When it comes to public funds, opacity has no place. It is public money, and those who juggle with that money should do so in a transparent manner and be accountable to the people and not to their own private interests.

* These non-disclosure agreements (NDAs) are usually meant to “keep people/institutions from sharing trade secrets, proprietary knowledge, client information, product information, and strategic plans. NDAs keep people from making a profit on any secret company information…” The NAO surely does not fall into that category?

The NAO is a responsible body and should be credited with the integrity and honesty that have always characterised it in the discharge of its functions.

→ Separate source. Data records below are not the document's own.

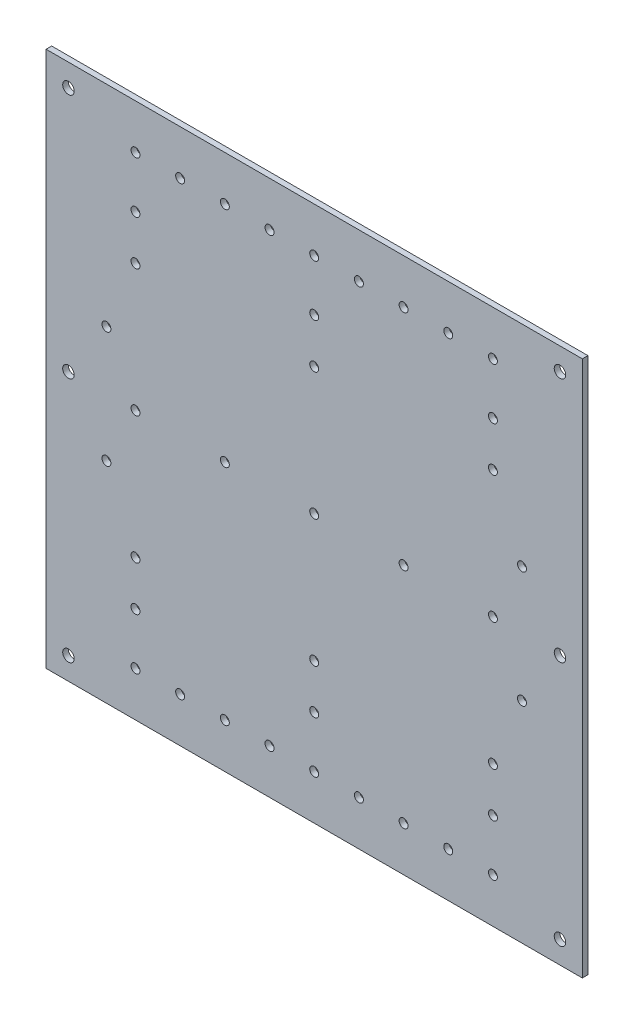
SolidWorks part; units mm, degrees
ref_plane "Front Plane" through (0, 0, 0) normal (0, 0, 1) x (1, 0, 0)
ref_plane "Top Plane" through (0, 0, 0) normal (0, 1, 0) x (1, 0, 0)
ref_plane "Right Plane" through (0, 0, 0) normal (1, 0, 0) x (0, 0, -1)
sketch "Sketch1" plane through (0, 0, 0) normal (0, 0, 1) x (1, 0, 0)
  line L0 (-152.4, 127) -> (-76.2, 127) construction
  line L1 (-152.4, 152.4) -> (152.4, 152.4)
  line L2 (-152.4, 152.4) -> (-152.4, -152.4)
  line L3 (-152.4, -152.4) -> (152.4, -152.4)
  line L4 (152.4, 152.4) -> (152.4, -152.4)
  line L5 (-76.2, 127) -> (-25.4, 127) construction
  line L6 (-25.4, 127) -> (25.4, 127) construction
  line L7 (25.4, 127) -> (76.2, 127) construction
  line L8 (76.2, 127) -> (152.4, 127) construction
  line L9 (-152.4, 0) -> (152.4, 0) construction
  line L10 (0, 152.4) -> (0, -152.4) construction
  line L11 (-118.11, 152.4) -> (-118.11, -152.4) construction
  line L12 (-152.4, -127) -> (152.4, -127) construction
  line L13 (127, 152.4) -> (127, -152.4) construction
  line L14 (-50.8, 152.4) -> (-50.8, -152.4) construction
  line L15 (50.8, 152.4) -> (50.8, -152.4) construction
  line L16 (-101.6, 152.4) -> (-101.6, -152.4) construction
  line L17 (-95.25, 66.04) -> (-57.15, 66.04) construction
  line L18 (-95.25, 66.04) -> (-95.25, -66.04) construction
  line L19 (-95.25, -66.04) -> (-57.15, -66.04) construction
  line L20 (-57.15, 66.04) -> (-57.15, -66.04) construction
  line L21 (-44.45, 66.04) -> (-6.35, 66.04) construction
  line L22 (-44.45, 66.04) -> (-44.45, -66.04) construction
  line L23 (-44.45, -66.04) -> (-6.35, -66.04) construction
  line L24 (-6.35, 66.04) -> (-6.35, -66.04) construction
  line L25 (6.35, 66.04) -> (44.45, 66.04) construction
  line L26 (6.35, 66.04) -> (6.35, -66.04) construction
  line L27 (6.35, -66.04) -> (44.45, -66.04) construction
  line L28 (44.45, 66.04) -> (44.45, -66.04) construction
  line L29 (57.15, 66.04) -> (95.25, 66.04) construction
  line L30 (57.15, 66.04) -> (57.15, -66.04) construction
  line L31 (57.15, -66.04) -> (95.25, -66.04) construction
  line L32 (95.25, 66.04) -> (95.25, -66.04) construction
  line L33 (101.6, 152.4) -> (101.6, -152.4) construction
  line L34 (-152.4, 120.65) -> (152.4, 120.65) construction
  line L35 (-101.6, 39.7057) -> (-95.25, 39.7057) construction
  line L36 (-57.15, 39.7057) -> (-50.8, 39.7057) construction
  line L37 (-76.2, 66.04) -> (-76.2, 0) construction
  line L38 (-76.2, 0) -> (-76.2, -66.04) construction
  line L39 (-152.4, 72.39) -> (152.4, 72.39) construction
  line L40 (-152.4, -72.39) -> (152.4, -72.39) construction
  line L41 (-76.2, 66.04) -> (-76.2, 72.39) construction
  line L42 (-95.25, -66.04) -> (-95.25, -72.39) construction
  line L43 (95.25, 39.7057) -> (101.6, 39.7057) construction
  line L44 (-95.25, 111.76) -> (-57.15, 111.76) construction
  line L45 (-57.15, 111.76) -> (-57.15, 118.4779) construction
  line L46 (-94.0266, 120.65) -> (-78.1749, 130.2582) construction
  line L47 (-95.25, 111.76) -> (-95.25, 118.4779) construction
  line L48 (-58.3734, 120.65) -> (-74.2251, 130.2582) construction
  line L49 (-107.3169, 130.81) -> (-83.1894, 130.81) construction
  line L50 (-6.35, 111.76) -> (-6.35, 118.4779) construction
  line L51 (-7.5734, 120.65) -> (-23.4251, 130.2582) construction
  line L52 (-43.2266, 120.65) -> (-27.3749, 130.2582) construction
  line L53 (-44.45, 111.76) -> (-44.45, 118.4779) construction
  line L54 (-6.35, 111.76) -> (-44.45, 111.76) construction
  line L55 (44.45, 111.76) -> (44.45, 118.4779) construction
  line L56 (43.2266, 120.65) -> (27.3749, 130.2582) construction
  line L57 (7.5734, 120.65) -> (23.4251, 130.2582) construction
  line L58 (6.35, 111.76) -> (6.35, 118.4779) construction
  line L59 (6.35, 111.76) -> (44.45, 111.76) construction
  line L60 (95.25, 111.76) -> (57.15, 111.76) construction
  line L61 (95.25, 111.76) -> (95.25, 118.4779) construction
  line L62 (94.0266, 120.65) -> (78.1749, 130.2582) construction
  line L63 (58.3734, 120.65) -> (74.2251, 130.2582) construction
  line L64 (57.15, 111.76) -> (57.15, 118.4779) construction
  line L65 (-95.25, -111.76) -> (-95.25, -118.4779) construction
  line L66 (-94.0266, -120.65) -> (-78.1749, -130.2582) construction
  line L67 (-58.3734, -120.65) -> (-74.2251, -130.2582) construction
  line L68 (-95.25, -111.76) -> (-57.15, -111.76) construction
  line L69 (-57.15, -111.76) -> (-57.15, -118.4779) construction
  line L70 (-44.45, -111.76) -> (-44.45, -118.4779) construction
  line L71 (-43.2266, -120.65) -> (-27.3749, -130.2582) construction
  line L72 (-6.35, -111.76) -> (-44.45, -111.76) construction
  line L73 (-7.5734, -120.65) -> (-23.4251, -130.2582) construction
  line L74 (-6.35, -111.76) -> (-6.35, -118.4779) construction
  line L75 (6.35, -111.76) -> (6.35, -118.4779) construction
  line L76 (7.5734, -120.65) -> (23.4251, -130.2582) construction
  line L77 (43.2266, -120.65) -> (27.3749, -130.2582) construction
  line L78 (6.35, -111.76) -> (44.45, -111.76) construction
  line L79 (44.45, -111.76) -> (44.45, -118.4779) construction
  line L80 (57.15, -111.76) -> (57.15, -118.4779) construction
  line L81 (58.3734, -120.65) -> (74.2251, -130.2582) construction
  line L82 (94.0266, -120.65) -> (78.1749, -130.2582) construction
  line L83 (95.25, -111.76) -> (57.15, -111.76) construction
  line L84 (95.25, -111.76) -> (95.25, -118.4779) construction
  line L85 (-152.4, 97.79) -> (152.4, 97.79) construction
  line L86 (-50.8, 39.7057) -> (-44.45, 39.7057) construction
  line L87 (-127, 152.4) -> (-127, -152.4) construction
  line L89 (-95.25, 101.6) -> (-92.3192, 101.6) construction
  line L90 (-95.25, 101.6) -> (-95.25, -101.6) construction
  line L96 (-90.8538, 101.6) -> (-90.8538, 68.58) construction
  line L97 (-89.3885, 101.6) -> (-89.3885, 68.58) construction
  line L98 (-92.3192, 101.6) -> (-92.3192, 68.58) construction
  line L99 (-83.5269, 101.6) -> (-83.5269, 68.58) construction
  line L100 (-86.4577, 101.6) -> (-86.4577, 68.58) construction
  line L101 (-89.3885, 101.6) -> (-86.4577, 101.6) construction
  line L102 (-77.6654, 101.6) -> (-77.6654, 68.58) construction
  line L103 (-80.5962, 101.6) -> (-80.5962, 68.58) construction
  line L104 (-83.5269, 101.6) -> (-80.5962, 101.6) construction
  line L105 (-71.8038, 101.6) -> (-71.8038, 68.58) construction
  line L106 (-74.7346, 101.6) -> (-74.7346, 68.58) construction
  line L107 (-77.6654, 101.6) -> (-74.7346, 101.6) construction
  line L108 (-65.9423, 101.6) -> (-65.9423, 68.58) construction
  line L109 (-68.8731, 101.6) -> (-68.8731, 68.58) construction
  line L110 (-71.8038, 101.6) -> (-68.8731, 101.6) construction
  line L111 (-60.0808, 101.6) -> (-60.0808, 68.58) construction
  line L112 (-63.0115, 101.6) -> (-63.0115, 68.58) construction
  line L113 (-65.9423, 101.6) -> (-63.0115, 101.6) construction
  line L114 (-57.15, -101.6) -> (-57.15, 101.6) construction
  line L115 (-60.0808, 101.6) -> (-57.15, 101.6) construction
  line L116 (-92.3192, 68.58) -> (-89.3885, 68.58) construction
  line L117 (-60.0808, -101.6) -> (-57.15, -101.6) construction
  line L118 (-60.0808, -101.6) -> (-60.0808, -68.58) construction
  line L119 (-63.0115, -101.6) -> (-63.0115, -68.58) construction
  line L120 (-65.9423, -101.6) -> (-65.9423, -68.58) construction
  line L121 (-65.9423, -101.6) -> (-63.0115, -101.6) construction
  line L122 (-68.8731, -101.6) -> (-68.8731, -68.58) construction
  line L123 (-71.8038, -101.6) -> (-68.8731, -101.6) construction
  line L124 (-71.8038, -101.6) -> (-71.8038, -68.58) construction
  line L125 (-74.7346, -101.6) -> (-74.7346, -68.58) construction
  line L126 (-77.6654, -101.6) -> (-74.7346, -101.6) construction
  line L127 (-77.6654, -101.6) -> (-77.6654, -68.58) construction
  line L128 (-80.5962, -101.6) -> (-80.5962, -68.58) construction
  line L129 (-83.5269, -101.6) -> (-80.5962, -101.6) construction
  line L130 (-83.5269, -101.6) -> (-83.5269, -68.58) construction
  line L131 (-86.4577, -101.6) -> (-86.4577, -68.58) construction
  line L132 (-89.3885, -101.6) -> (-86.4577, -101.6) construction
  line L133 (-89.3885, -101.6) -> (-89.3885, -68.58) construction
  line L134 (-92.3192, -101.6) -> (-92.3192, -68.58) construction
  line L135 (-95.25, -101.6) -> (-92.3192, -101.6) construction
  line L136 (-9.2808, 68.58) -> (-12.2115, 68.58) construction
  line L137 (6.35, 66.04) -> (44.45, 66.04) construction
  line L138 (-6.35, -66.04) -> (-6.35, -72.39) construction
  line L139 (-25.4, 66.04) -> (-25.4, 72.39) construction
  line L140 (-25.4, 0) -> (-25.4, -66.04) construction
  line L141 (-25.4, 66.04) -> (-25.4, 0) construction
  line L142 (-44.45, 66.04) -> (-44.45, -66.04) construction
  line L143 (-6.35, -66.04) -> (-44.45, -66.04) construction
  line L144 (-6.35, 66.04) -> (-6.35, -66.04) construction
  line L145 (-6.35, 66.04) -> (-44.45, 66.04) construction
  line L146 (-6.35, -101.6) -> (-9.2808, -101.6) construction
  line L147 (-9.2808, -101.6) -> (-9.2808, -68.58) construction
  line L148 (-12.2115, -101.6) -> (-12.2115, -68.58) construction
  line L149 (-12.2115, -101.6) -> (-15.1423, -101.6) construction
  line L150 (-15.1423, -101.6) -> (-15.1423, -68.58) construction
  line L151 (-18.0731, -101.6) -> (-18.0731, -68.58) construction
  line L152 (-18.0731, -101.6) -> (-21.0038, -101.6) construction
  line L153 (-21.0038, -101.6) -> (-21.0038, -68.58) construction
  line L154 (-23.9346, -101.6) -> (-23.9346, -68.58) construction
  line L155 (-23.9346, -101.6) -> (-26.8654, -101.6) construction
  line L156 (-26.8654, -101.6) -> (-26.8654, -68.58) construction
  line L157 (-29.7962, -101.6) -> (-29.7962, -68.58) construction
  line L158 (-29.7962, -101.6) -> (-32.7269, -101.6) construction
  line L159 (-32.7269, -101.6) -> (-32.7269, -68.58) construction
  line L160 (-35.6577, -101.6) -> (-38.5885, -101.6) construction
  line L161 (-35.6577, -101.6) -> (-35.6577, -68.58) construction
  line L162 (-38.5885, -101.6) -> (-38.5885, -68.58) construction
  line L163 (-41.5192, -101.6) -> (-41.5192, -68.58) construction
  line L164 (-41.5192, -101.6) -> (-44.45, -101.6) construction
  line L165 (-41.5192, 101.6) -> (-44.45, 101.6) construction
  line L166 (-44.45, -101.6) -> (-44.45, 101.6) construction
  line L167 (-35.6577, 101.6) -> (-38.5885, 101.6) construction
  line L168 (-38.5885, 101.6) -> (-38.5885, 68.58) construction
  line L169 (-41.5192, 101.6) -> (-41.5192, 68.58) construction
  line L170 (-29.7962, 101.6) -> (-32.7269, 101.6) construction
  line L171 (-32.7269, 101.6) -> (-32.7269, 68.58) construction
  line L172 (-35.6577, 101.6) -> (-35.6577, 68.58) construction
  line L173 (-23.9346, 101.6) -> (-26.8654, 101.6) construction
  line L174 (-26.8654, 101.6) -> (-26.8654, 68.58) construction
  line L175 (-29.7962, 101.6) -> (-29.7962, 68.58) construction
  line L176 (-18.0731, 101.6) -> (-21.0038, 101.6) construction
  line L177 (-21.0038, 101.6) -> (-21.0038, 68.58) construction
  line L178 (-23.9346, 101.6) -> (-23.9346, 68.58) construction
  line L179 (-12.2115, 101.6) -> (-15.1423, 101.6) construction
  line L180 (-15.1423, 101.6) -> (-15.1423, 68.58) construction
  line L181 (-18.0731, 101.6) -> (-18.0731, 68.58) construction
  line L182 (-9.2808, 101.6) -> (-9.2808, 68.58) construction
  line L183 (-12.2115, 101.6) -> (-12.2115, 68.58) construction
  line L184 (-6.35, 101.6) -> (-6.35, -101.6) construction
  line L185 (-6.35, 101.6) -> (-9.2808, 101.6) construction
  line L186 (6.35, 66.04) -> (6.35, -66.04) construction
  line L187 (6.35, -66.04) -> (44.45, -66.04) construction
  line L188 (44.45, 66.04) -> (44.45, -66.04) construction
  line L189 (25.4, 66.04) -> (25.4, 0) construction
  line L190 (25.4, 0) -> (25.4, -66.04) construction
  line L191 (25.4, 66.04) -> (25.4, 72.39) construction
  line L192 (6.35, -66.04) -> (6.35, -72.39) construction
  line L193 (9.2808, 68.58) -> (12.2115, 68.58) construction
  line L194 (6.35, 66.04) -> (6.35, -66.04) construction
  line L195 (44.45, -66.04) -> (6.35, -66.04) construction
  line L196 (44.45, 66.04) -> (44.45, -66.04) construction
  line L197 (44.45, 66.04) -> (6.35, 66.04) construction
  line L198 (6.35, 101.6) -> (9.2808, 101.6) construction
  line L199 (6.35, 101.6) -> (6.35, -101.6) construction
  line L200 (12.2115, 101.6) -> (12.2115, 68.58) construction
  line L201 (9.2808, 101.6) -> (9.2808, 68.58) construction
  line L202 (18.0731, 101.6) -> (18.0731, 68.58) construction
  line L203 (15.1423, 101.6) -> (15.1423, 68.58) construction
  line L204 (12.2115, 101.6) -> (15.1423, 101.6) construction
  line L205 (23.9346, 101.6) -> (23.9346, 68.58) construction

* The NAO also informs us that its “staff faced considerable difficulties to obtain records”. It could not have access to 60 procurement files from the Ministry of Health and Wellness (MOHW), which had been secured by ICAC for its enquiry. It’s only on 25 January 2021, “after the completion of audit, the Ministry informed NAO that there is no objection on its part for NAO Officers to access these files at ICAC.” Is that in order or should the NAO have “préséance” when it comes to access to files over other institutions?

There is a perception the start of an investigation by ICAC could have been a strategy to block any answers being given in Parliament on the transactions in question and which would also, so doing, deny access to the documents by the Director of Audit. That’s hopefully not the case.